There’s this split moment right after you wake up where you aren’t completely awake, but you’re not totally asleep. Mosaic, an indie game by Krillbite Studio, wants to take you there. In fact, it strongly suspects you’re probably living that moment right now.
Mosaic is a single player, semi-linear narrative game published by Raw Fury. In this game, you play the role of “guy waking up”, “guy brushing his teeth”, and “guy going to work”. Sometimes you’re also “guy in line”, and “guy on his phone”. You are a cog in a capitalistic machine, and you spend this game doing a lot of cog-like stuff.
It’s maybe not the freshest narrative. Endless movies, songs, books, and now video games often ask the question, “Life is funny, huh?” for nothing short of a century now. "What is society doing to us? Click here to find out!"
But the strength of interactive media, unlike movies or the written word, lies in one key variable: choice. It’s smartly the thing Krillbite Studio has hooked onto for the best parts of their game. In our hands-on with Mosaic, we guided this hapless protagonist through massive, striking setpieces that often tower over or surround you, sometimes overhead and sometimes from the side. Each area is slathered in grey-scale in an attempt to make the player feel insignificant.

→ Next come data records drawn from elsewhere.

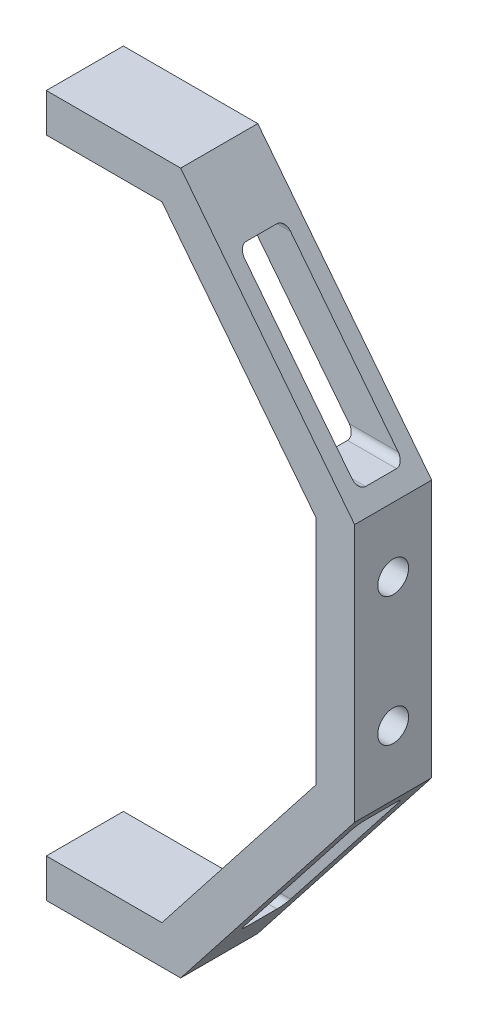
from build123d import *

# Parameters (mm, degrees)
BOSS_EXTRUDE1_DEPTH = 20
SKETCH2_R           = 4
CUT_EXTRUDE1_DEPTH  = 30
SKETCH3_R           = 4
CUT_EXTRUDE2_DEPTH  = 30
CUT_EXTRUDE3_DEPTH  = 87


with BuildPart() as part:
    # Sketch1 → Boss-Extrude1 (new body)
    with BuildSketch(Plane.XY):
        Polygon((0, 177), (0, 167), (30, 167), (70, 116), (70, 56), (30, 5), (0, 5), (0, -5), (34.865710136, -5), (80, 52.546219577), (80, 119.453780423), (34.865710136, 177), align=None)
    extrude(amount=BOSS_EXTRUDE1_DEPTH)

    # Sketch2 → Cut-Extrude1 (cut)
    with BuildSketch(Plane.ZY):
        with Locations(Location((10, 172, 0), (0, 0, 270))):
            Circle(SKETCH2_R)
        with Locations(Location((10, 0, 0), (0, 0, 90))):
            Circle(SKETCH2_R)
    extrude(amount=-CUT_EXTRUDE1_DEPTH, mode=Mode.SUBTRACT)

    # Sketch3 → Cut-Extrude2 (cut)
    with BuildSketch(Plane(origin=(80, 0, 0), x_dir=(0, 0, -1), z_dir=(1, 0, 0))):
        with Locations((-10, 102.726890212)):
            Circle(SKETCH3_R)
        with Locations((-10, 69.273109788)):
            Circle(SKETCH3_R)
    extrude(amount=-CUT_EXTRUDE2_DEPTH, mode=Mode.SUBTRACT)

    # Sketch4 → Cut-Extrude3 (cut)
    with BuildSketch(Plane(origin=(80, 0, 0), x_dir=(0, 0, -1), z_dir=(1, 0, 0))):
        with BuildLine():
            Line((-14, 163), (-6, 163))
            ThreePointArc((-6, 163), (-4.585786438, 162.414213562), (-4, 161))
            Line((-4, 161), (-4, 125.453780423))
            ThreePointArc((-4, 125.453780423), (-4.585786438, 124.039566861), (-6, 123.453780423))
            Line((-6, 123.453780423), (-14, 123.453780423))
            ThreePointArc((-14, 123.453780423), (-15.414213562, 124.039566861), (-16, 125.453780423))
            Line((-16, 125.453780423), (-16, 161))
            ThreePointArc((-16, 161), (-15.414213562, 162.414213562), (-14, 163))
        make_face()
        with BuildLine():
            Line((-14, 48.546219577), (-6, 48.546219577))
            ThreePointArc((-6, 48.546219577), (-4.585786438, 47.960433139), (-4, 46.546219577))
            Line((-4, 46.546219577), (-4, 11))
            ThreePointArc((-4, 11), (-4.585786438, 9.585786438), (-6, 9))
            Line((-6, 9), (-14, 9))
            ThreePointArc((-14, 9), (-15.414213562, 9.585786438), (-16, 11))
            Line((-16, 11), (-16, 46.546219577))
            ThreePointArc((-16, 46.546219577), (-15.414213562, 47.960433139), (-14, 48.546219577))
        make_face()
    extrude(amount=-CUT_EXTRUDE3_DEPTH, mode=Mode.SUBTRACT)


solid = part.part
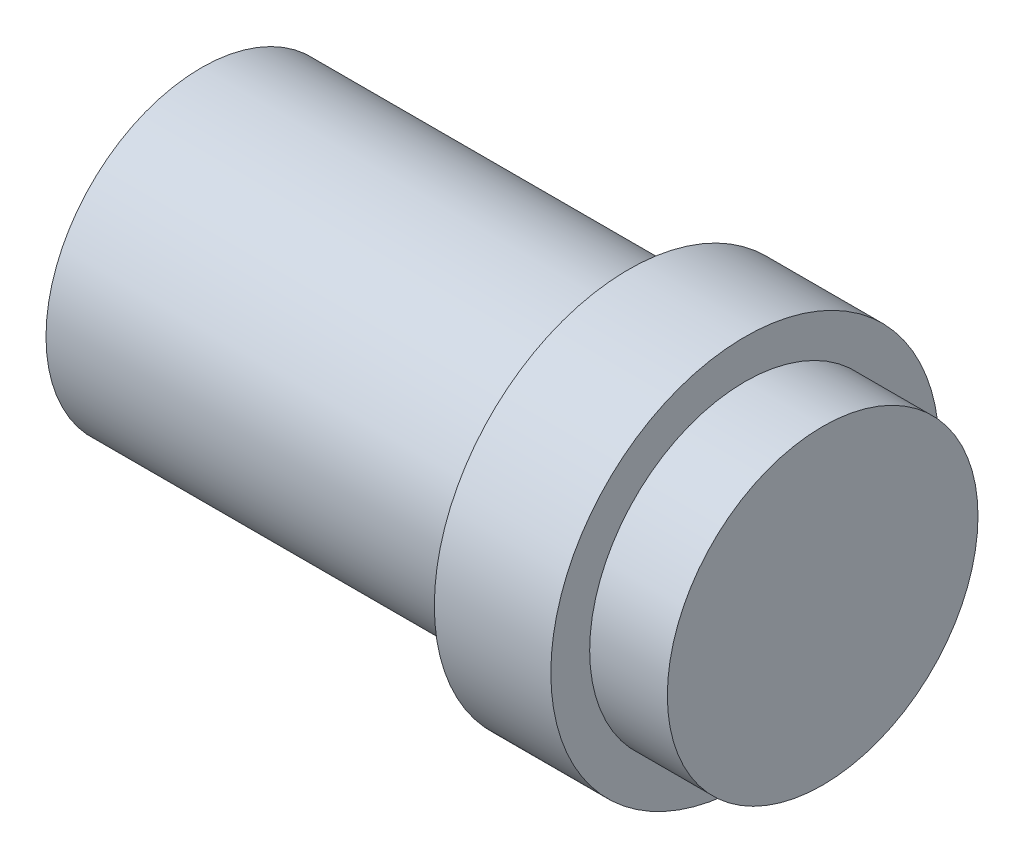
from build123d import *


with BuildPart() as part:
    # 草图1 → 旋转1 (revolve)
    with BuildSketch(Plane.XY, mode=Mode.PRIVATE) as revolve_1_sk:
        Polygon((-25, 0), (-25, 8), (-3, 8), (-3, 10), (3, 10), (3, 8), (7, 8), (7, 0), align=None)
    revolve(revolve_1_sk.sketch.rotate(Axis((-84.795984063, 0, 0), (1, 0, 0)), 90), axis=Axis((-84.795984063, 0, 0), (1, 0, 0)))


solid = part.part

That is, until they aren’t.
What happens when you go left outside of your apartment, instead of right? We didn’t, so we don’t know. But what about not following the stream of middle-class workers on their commute to work? We did try that, and not long after, the world around us began to give way to deep, warm colours – the first colours present in the game – and we were oddly faced with a cat stuck in a tree. Here your character suddenly is able to catch, and your objective switches from slowly plodding forward to delivering this cat into a hole in the pathway, beyond the fence, towards the warm glow of the massive sunrise. Shockingly, all your button presses begin demolishing the cityscape behind you, one by one, the rumble of the controller accentuating your unlikely destruction of the shackles of society.
Then suddenly, it’s all gone: the control scheme, the colour palette, everything. And off into the linear narration you go.
It’s in these optional, daydream-like moments that Mosaic is gaining its reputation. The developers cited games like Inside as clear inspirations, but also things like the classic Terry Gilliam movie Brazil, to which this game feels like a direct companion piece for, albeit 34 years removed.
And on the topic of companion pieces, available right now on the Google Play and iOS App Store is BlipBlop, a free-to-play, real-life app for your phone that your character in Mosaic also has on their phone. The objective of Blip Blop is to “blip” the screen by pushing a button so you can gain “blops”, aka points. That’s literally it. It's a bit of not even remotely subtle social commentary that tests your ability to separate stimulus-response from lived experience, and if you think it’s too on the nose, the developers were quick to tell us that they’ve observed players get out of bed in-game and play BlipBlop for the entirety of the demo.
If you’re at all interested in games that offer beautiful art direction with a cerebral experience, Mosaic is definitely one to look out for when it launches later this year. And if you end up playing it on your Switch on the way to work, don’t say they didn't warn you.